[Start of section]

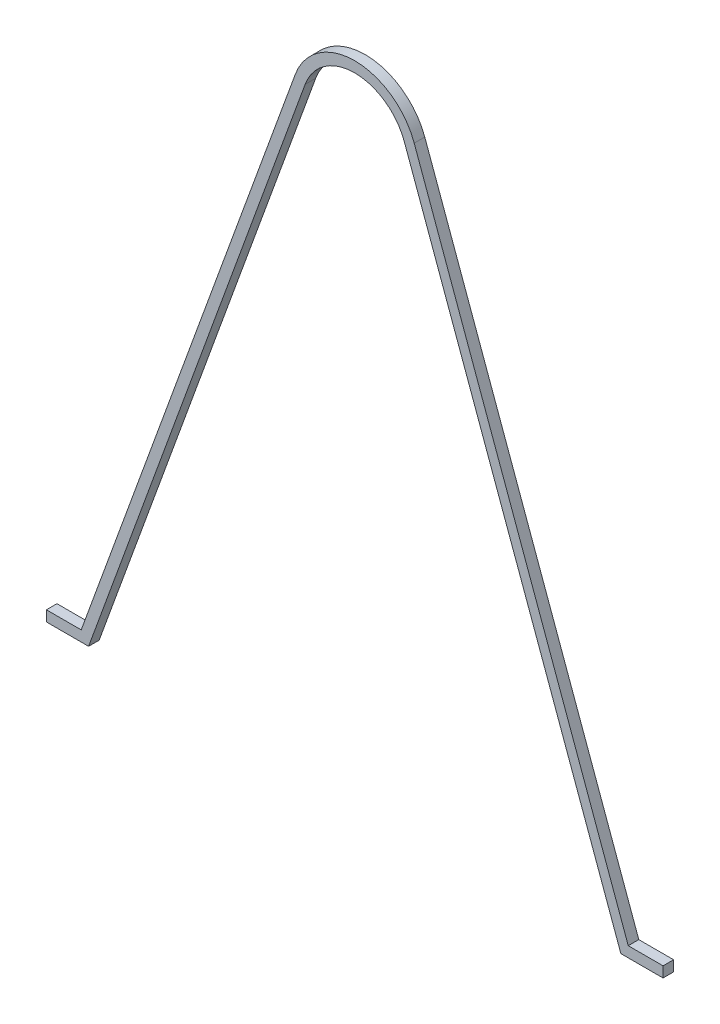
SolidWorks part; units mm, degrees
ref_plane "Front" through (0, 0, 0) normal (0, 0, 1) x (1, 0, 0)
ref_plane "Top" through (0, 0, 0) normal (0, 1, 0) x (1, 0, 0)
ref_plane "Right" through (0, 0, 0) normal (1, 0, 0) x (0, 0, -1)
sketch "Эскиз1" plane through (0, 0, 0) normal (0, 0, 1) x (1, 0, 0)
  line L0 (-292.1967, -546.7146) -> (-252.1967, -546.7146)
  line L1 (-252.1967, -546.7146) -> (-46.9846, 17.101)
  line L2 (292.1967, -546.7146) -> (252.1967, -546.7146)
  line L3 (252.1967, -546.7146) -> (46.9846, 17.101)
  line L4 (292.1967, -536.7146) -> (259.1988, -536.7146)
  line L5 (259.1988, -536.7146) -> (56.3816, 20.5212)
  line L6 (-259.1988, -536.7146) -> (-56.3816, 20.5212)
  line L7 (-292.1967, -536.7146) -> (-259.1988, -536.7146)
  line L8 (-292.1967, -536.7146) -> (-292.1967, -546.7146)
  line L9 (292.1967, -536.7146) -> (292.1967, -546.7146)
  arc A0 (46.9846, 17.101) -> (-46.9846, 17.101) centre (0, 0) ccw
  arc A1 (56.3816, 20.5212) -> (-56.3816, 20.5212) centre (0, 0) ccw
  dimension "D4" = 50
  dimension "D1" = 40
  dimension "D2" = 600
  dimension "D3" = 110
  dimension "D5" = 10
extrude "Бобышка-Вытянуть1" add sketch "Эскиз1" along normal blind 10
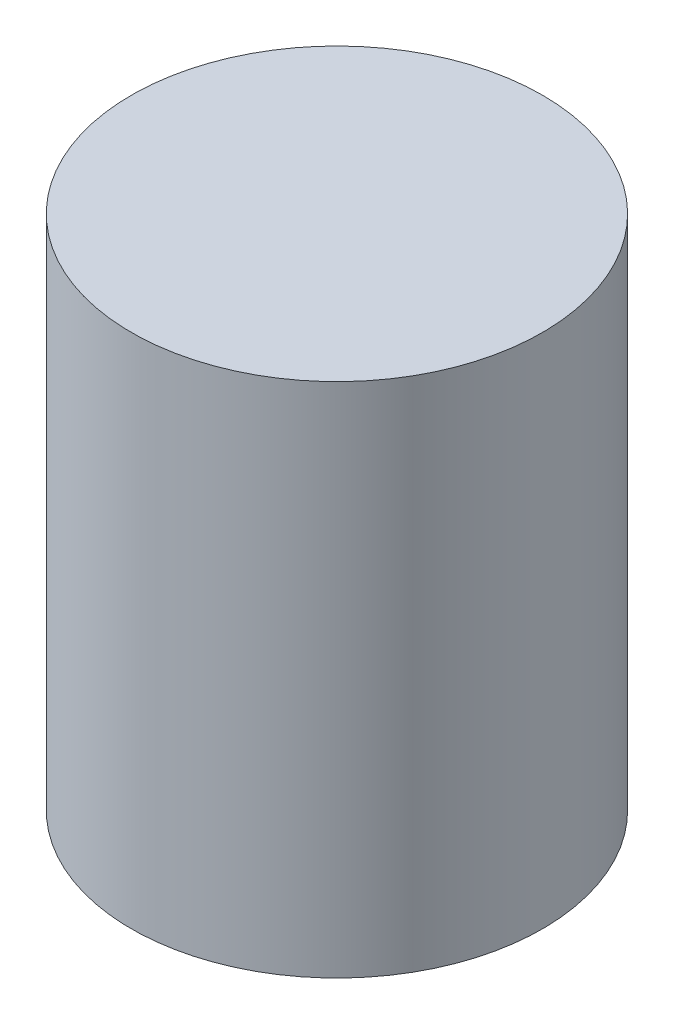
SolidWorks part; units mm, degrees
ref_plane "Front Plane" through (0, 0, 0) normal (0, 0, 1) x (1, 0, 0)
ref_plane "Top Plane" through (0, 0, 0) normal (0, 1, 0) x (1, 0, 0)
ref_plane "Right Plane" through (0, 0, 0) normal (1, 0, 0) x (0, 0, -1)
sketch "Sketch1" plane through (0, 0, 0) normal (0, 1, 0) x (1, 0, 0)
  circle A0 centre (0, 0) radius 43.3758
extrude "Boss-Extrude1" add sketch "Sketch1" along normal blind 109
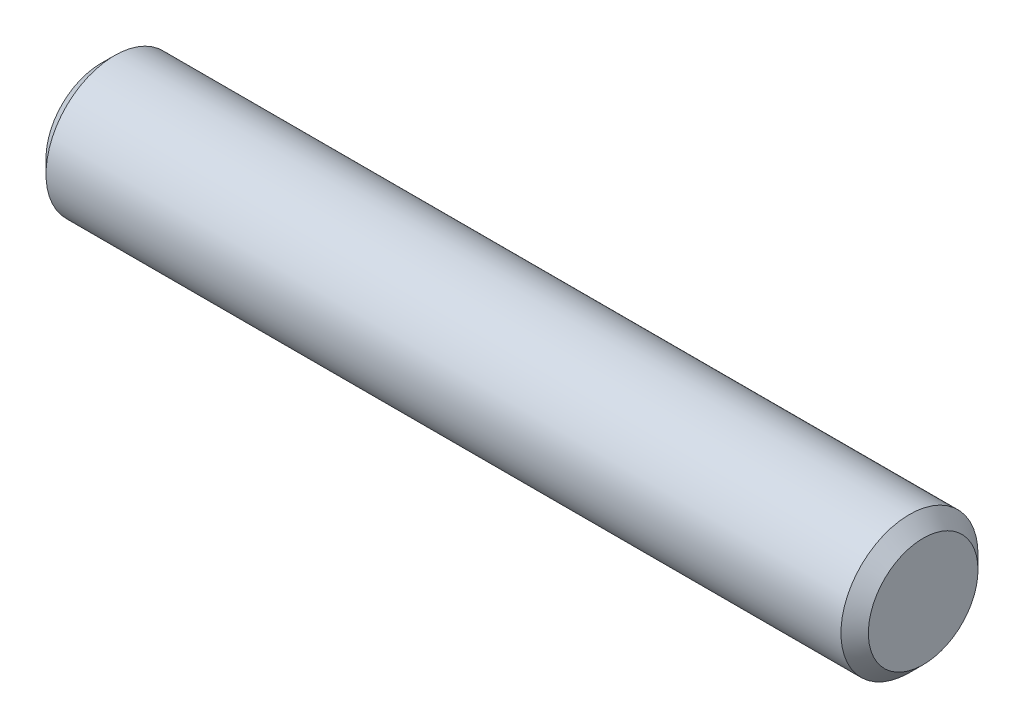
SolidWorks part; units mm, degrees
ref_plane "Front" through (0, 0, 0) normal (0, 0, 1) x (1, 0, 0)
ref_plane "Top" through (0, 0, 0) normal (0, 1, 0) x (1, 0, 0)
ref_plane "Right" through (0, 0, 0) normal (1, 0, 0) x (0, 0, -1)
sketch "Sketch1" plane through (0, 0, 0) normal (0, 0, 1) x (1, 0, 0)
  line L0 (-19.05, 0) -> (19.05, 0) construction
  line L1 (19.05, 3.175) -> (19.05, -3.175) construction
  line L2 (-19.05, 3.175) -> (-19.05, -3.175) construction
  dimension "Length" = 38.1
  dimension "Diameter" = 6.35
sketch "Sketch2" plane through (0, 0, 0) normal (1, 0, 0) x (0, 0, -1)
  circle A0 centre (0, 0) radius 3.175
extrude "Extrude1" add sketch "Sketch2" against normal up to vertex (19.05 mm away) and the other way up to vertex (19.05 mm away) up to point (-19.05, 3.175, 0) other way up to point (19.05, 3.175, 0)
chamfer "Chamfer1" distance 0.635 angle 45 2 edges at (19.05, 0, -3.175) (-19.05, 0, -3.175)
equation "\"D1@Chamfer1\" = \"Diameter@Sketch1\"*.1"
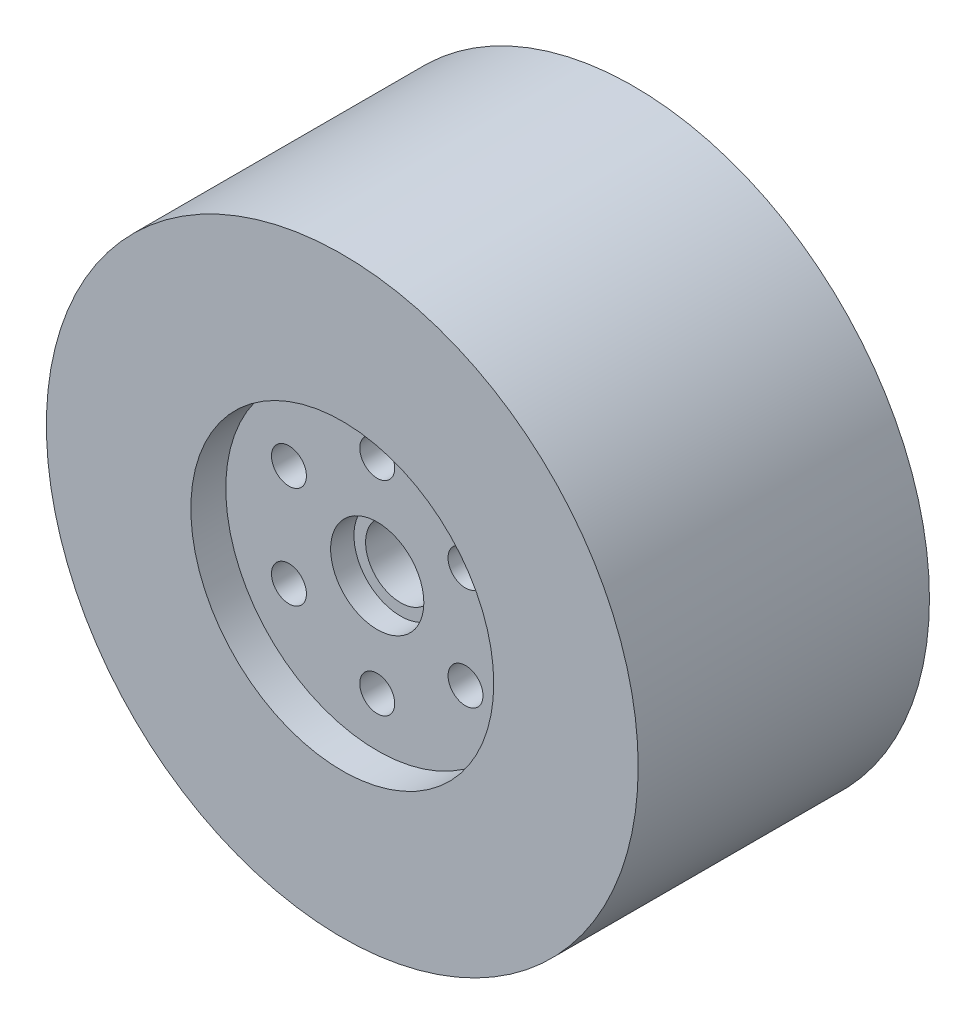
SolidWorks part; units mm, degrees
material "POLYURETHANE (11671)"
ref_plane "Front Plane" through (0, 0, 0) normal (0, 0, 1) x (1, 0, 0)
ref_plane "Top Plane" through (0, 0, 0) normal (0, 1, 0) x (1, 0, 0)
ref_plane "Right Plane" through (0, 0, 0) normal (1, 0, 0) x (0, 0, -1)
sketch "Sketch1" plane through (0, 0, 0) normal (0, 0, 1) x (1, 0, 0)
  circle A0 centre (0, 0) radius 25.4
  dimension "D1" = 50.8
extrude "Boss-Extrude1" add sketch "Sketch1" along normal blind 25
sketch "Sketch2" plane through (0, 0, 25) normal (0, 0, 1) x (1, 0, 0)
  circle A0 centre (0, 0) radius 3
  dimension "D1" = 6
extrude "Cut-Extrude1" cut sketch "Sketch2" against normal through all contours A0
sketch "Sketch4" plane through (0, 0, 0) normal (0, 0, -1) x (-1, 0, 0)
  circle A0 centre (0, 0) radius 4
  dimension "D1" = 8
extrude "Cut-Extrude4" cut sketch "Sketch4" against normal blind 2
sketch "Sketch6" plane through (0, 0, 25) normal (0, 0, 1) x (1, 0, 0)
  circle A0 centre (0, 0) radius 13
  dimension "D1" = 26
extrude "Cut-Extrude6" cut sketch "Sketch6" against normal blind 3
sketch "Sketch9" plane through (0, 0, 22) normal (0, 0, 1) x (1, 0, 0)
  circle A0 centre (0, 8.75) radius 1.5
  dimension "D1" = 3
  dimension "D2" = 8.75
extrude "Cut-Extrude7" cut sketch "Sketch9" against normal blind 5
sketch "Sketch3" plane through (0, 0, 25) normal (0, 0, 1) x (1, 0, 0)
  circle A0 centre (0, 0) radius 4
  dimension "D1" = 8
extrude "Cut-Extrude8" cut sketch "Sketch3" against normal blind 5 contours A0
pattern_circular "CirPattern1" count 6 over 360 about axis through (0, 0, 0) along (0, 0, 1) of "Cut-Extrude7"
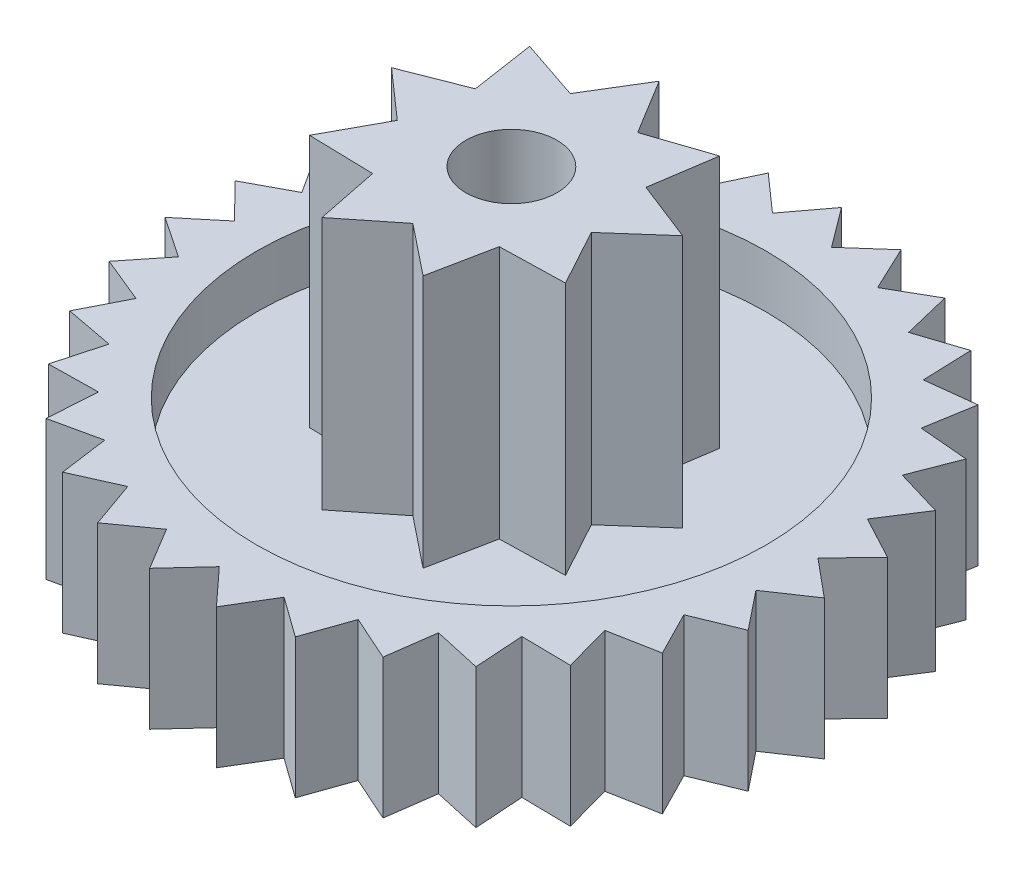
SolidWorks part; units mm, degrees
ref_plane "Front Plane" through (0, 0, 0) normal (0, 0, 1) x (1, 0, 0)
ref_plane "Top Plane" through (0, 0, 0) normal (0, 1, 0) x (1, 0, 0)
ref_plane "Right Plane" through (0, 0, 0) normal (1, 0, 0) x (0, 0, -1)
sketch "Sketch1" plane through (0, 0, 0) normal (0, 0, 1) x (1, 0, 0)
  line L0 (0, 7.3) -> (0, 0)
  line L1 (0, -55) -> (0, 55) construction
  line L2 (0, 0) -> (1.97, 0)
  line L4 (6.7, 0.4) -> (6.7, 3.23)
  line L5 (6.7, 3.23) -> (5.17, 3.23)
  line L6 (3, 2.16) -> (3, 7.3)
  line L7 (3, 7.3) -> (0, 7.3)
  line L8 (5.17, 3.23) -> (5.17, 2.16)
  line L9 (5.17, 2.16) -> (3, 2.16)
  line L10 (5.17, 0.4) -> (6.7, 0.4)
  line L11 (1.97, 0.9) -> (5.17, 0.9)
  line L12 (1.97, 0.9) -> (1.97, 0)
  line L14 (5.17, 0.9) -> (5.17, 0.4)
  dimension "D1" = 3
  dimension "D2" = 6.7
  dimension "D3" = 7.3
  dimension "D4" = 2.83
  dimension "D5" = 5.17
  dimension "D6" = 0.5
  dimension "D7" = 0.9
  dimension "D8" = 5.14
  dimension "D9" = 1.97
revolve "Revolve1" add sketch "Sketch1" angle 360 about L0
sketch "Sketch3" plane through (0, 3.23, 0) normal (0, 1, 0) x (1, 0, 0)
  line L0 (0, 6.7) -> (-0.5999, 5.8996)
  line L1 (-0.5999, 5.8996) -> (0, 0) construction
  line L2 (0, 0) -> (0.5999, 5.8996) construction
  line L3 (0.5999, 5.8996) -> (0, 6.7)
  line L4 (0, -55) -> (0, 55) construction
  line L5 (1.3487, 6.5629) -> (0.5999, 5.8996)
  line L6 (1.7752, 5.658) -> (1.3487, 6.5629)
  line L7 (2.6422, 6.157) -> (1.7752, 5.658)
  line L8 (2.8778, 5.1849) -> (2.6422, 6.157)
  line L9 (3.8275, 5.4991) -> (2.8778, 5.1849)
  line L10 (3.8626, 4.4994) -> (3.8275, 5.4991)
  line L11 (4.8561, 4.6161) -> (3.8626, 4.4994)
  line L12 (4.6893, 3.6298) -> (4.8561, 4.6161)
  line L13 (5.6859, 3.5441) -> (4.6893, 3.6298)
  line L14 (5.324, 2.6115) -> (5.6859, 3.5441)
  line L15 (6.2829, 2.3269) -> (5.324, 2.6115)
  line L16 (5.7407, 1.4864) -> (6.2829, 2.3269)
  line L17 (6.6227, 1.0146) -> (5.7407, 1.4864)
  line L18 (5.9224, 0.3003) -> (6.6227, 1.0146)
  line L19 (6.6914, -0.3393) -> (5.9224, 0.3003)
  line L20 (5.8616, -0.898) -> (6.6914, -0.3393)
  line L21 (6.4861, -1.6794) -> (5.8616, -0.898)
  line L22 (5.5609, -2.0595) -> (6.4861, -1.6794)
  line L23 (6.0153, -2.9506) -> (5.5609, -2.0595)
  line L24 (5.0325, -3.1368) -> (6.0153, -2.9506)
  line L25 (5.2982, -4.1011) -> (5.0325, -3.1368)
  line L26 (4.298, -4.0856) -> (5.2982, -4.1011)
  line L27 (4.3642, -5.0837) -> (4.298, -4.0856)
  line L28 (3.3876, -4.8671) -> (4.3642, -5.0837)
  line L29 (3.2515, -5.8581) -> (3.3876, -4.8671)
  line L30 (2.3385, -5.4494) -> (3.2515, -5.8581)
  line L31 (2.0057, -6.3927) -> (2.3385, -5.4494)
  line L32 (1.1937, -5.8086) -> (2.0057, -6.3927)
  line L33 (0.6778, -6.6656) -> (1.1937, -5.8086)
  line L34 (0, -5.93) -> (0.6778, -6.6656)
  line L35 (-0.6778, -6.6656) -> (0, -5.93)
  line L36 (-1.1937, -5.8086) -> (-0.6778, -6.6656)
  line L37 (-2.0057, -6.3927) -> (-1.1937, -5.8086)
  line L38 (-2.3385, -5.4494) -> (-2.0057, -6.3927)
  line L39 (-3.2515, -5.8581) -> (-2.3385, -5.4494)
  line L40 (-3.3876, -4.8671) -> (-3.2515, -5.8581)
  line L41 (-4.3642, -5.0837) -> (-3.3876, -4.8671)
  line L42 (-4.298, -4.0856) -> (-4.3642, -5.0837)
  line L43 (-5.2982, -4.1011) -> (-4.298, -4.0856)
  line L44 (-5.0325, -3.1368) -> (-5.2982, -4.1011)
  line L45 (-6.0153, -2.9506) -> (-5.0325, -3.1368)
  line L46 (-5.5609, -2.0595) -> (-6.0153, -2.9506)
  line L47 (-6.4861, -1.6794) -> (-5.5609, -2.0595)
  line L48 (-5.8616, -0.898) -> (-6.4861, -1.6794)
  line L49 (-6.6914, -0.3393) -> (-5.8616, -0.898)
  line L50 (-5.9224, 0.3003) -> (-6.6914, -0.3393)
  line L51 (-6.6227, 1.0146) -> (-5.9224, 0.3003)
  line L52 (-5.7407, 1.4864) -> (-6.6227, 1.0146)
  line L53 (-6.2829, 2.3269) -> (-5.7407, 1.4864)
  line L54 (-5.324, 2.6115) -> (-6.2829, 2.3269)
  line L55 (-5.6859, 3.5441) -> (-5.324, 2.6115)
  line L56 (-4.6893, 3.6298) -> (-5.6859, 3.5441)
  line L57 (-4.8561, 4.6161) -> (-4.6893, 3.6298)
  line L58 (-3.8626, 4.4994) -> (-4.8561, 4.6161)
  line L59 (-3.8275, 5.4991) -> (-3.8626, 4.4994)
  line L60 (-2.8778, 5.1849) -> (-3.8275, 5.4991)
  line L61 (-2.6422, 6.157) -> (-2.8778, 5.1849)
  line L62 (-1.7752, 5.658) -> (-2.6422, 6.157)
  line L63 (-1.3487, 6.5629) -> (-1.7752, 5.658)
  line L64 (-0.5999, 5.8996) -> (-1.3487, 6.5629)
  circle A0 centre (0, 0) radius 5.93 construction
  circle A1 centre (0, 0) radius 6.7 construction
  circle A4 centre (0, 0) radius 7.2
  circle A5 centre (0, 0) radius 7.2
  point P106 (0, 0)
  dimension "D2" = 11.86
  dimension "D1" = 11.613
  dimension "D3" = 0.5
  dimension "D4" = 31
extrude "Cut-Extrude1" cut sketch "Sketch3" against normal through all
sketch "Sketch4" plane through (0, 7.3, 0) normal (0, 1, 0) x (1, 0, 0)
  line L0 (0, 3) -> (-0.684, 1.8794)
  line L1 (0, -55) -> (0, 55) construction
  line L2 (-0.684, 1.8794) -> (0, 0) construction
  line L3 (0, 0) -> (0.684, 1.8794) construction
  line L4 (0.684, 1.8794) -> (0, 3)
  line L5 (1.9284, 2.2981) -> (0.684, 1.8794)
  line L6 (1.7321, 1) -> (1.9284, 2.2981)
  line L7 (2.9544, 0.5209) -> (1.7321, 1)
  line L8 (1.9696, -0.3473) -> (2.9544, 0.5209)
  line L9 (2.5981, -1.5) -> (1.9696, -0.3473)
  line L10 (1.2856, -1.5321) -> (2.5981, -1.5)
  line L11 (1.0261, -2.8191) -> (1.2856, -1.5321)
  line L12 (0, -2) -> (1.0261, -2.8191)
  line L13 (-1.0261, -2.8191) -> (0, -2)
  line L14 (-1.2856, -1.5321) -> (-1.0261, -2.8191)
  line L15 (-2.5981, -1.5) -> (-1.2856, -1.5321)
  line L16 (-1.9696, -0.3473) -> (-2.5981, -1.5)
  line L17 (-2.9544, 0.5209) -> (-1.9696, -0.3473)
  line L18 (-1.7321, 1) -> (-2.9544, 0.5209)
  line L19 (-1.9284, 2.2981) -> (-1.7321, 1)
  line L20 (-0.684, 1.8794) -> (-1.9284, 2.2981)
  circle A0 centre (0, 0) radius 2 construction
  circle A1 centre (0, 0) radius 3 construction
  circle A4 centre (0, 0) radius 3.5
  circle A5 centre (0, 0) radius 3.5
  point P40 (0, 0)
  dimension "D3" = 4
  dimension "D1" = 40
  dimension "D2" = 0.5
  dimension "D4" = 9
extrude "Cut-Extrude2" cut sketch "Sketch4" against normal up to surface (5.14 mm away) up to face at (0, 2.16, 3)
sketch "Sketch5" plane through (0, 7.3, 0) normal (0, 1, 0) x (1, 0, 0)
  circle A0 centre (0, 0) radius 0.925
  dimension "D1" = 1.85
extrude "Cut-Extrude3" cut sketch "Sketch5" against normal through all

[End of section]

(Exercise goal)
Determine which lines above include the word "angle", and report those lines in full.

(Solution for this exercise)
chamfer "Chamfer1" distance 0.635 angle 45 2 edges at (19.05, 0, -3.175) (-19.05, 0, -3.175)
revolve "Revolve1" add sketch "Sketch1" angle 360 about L0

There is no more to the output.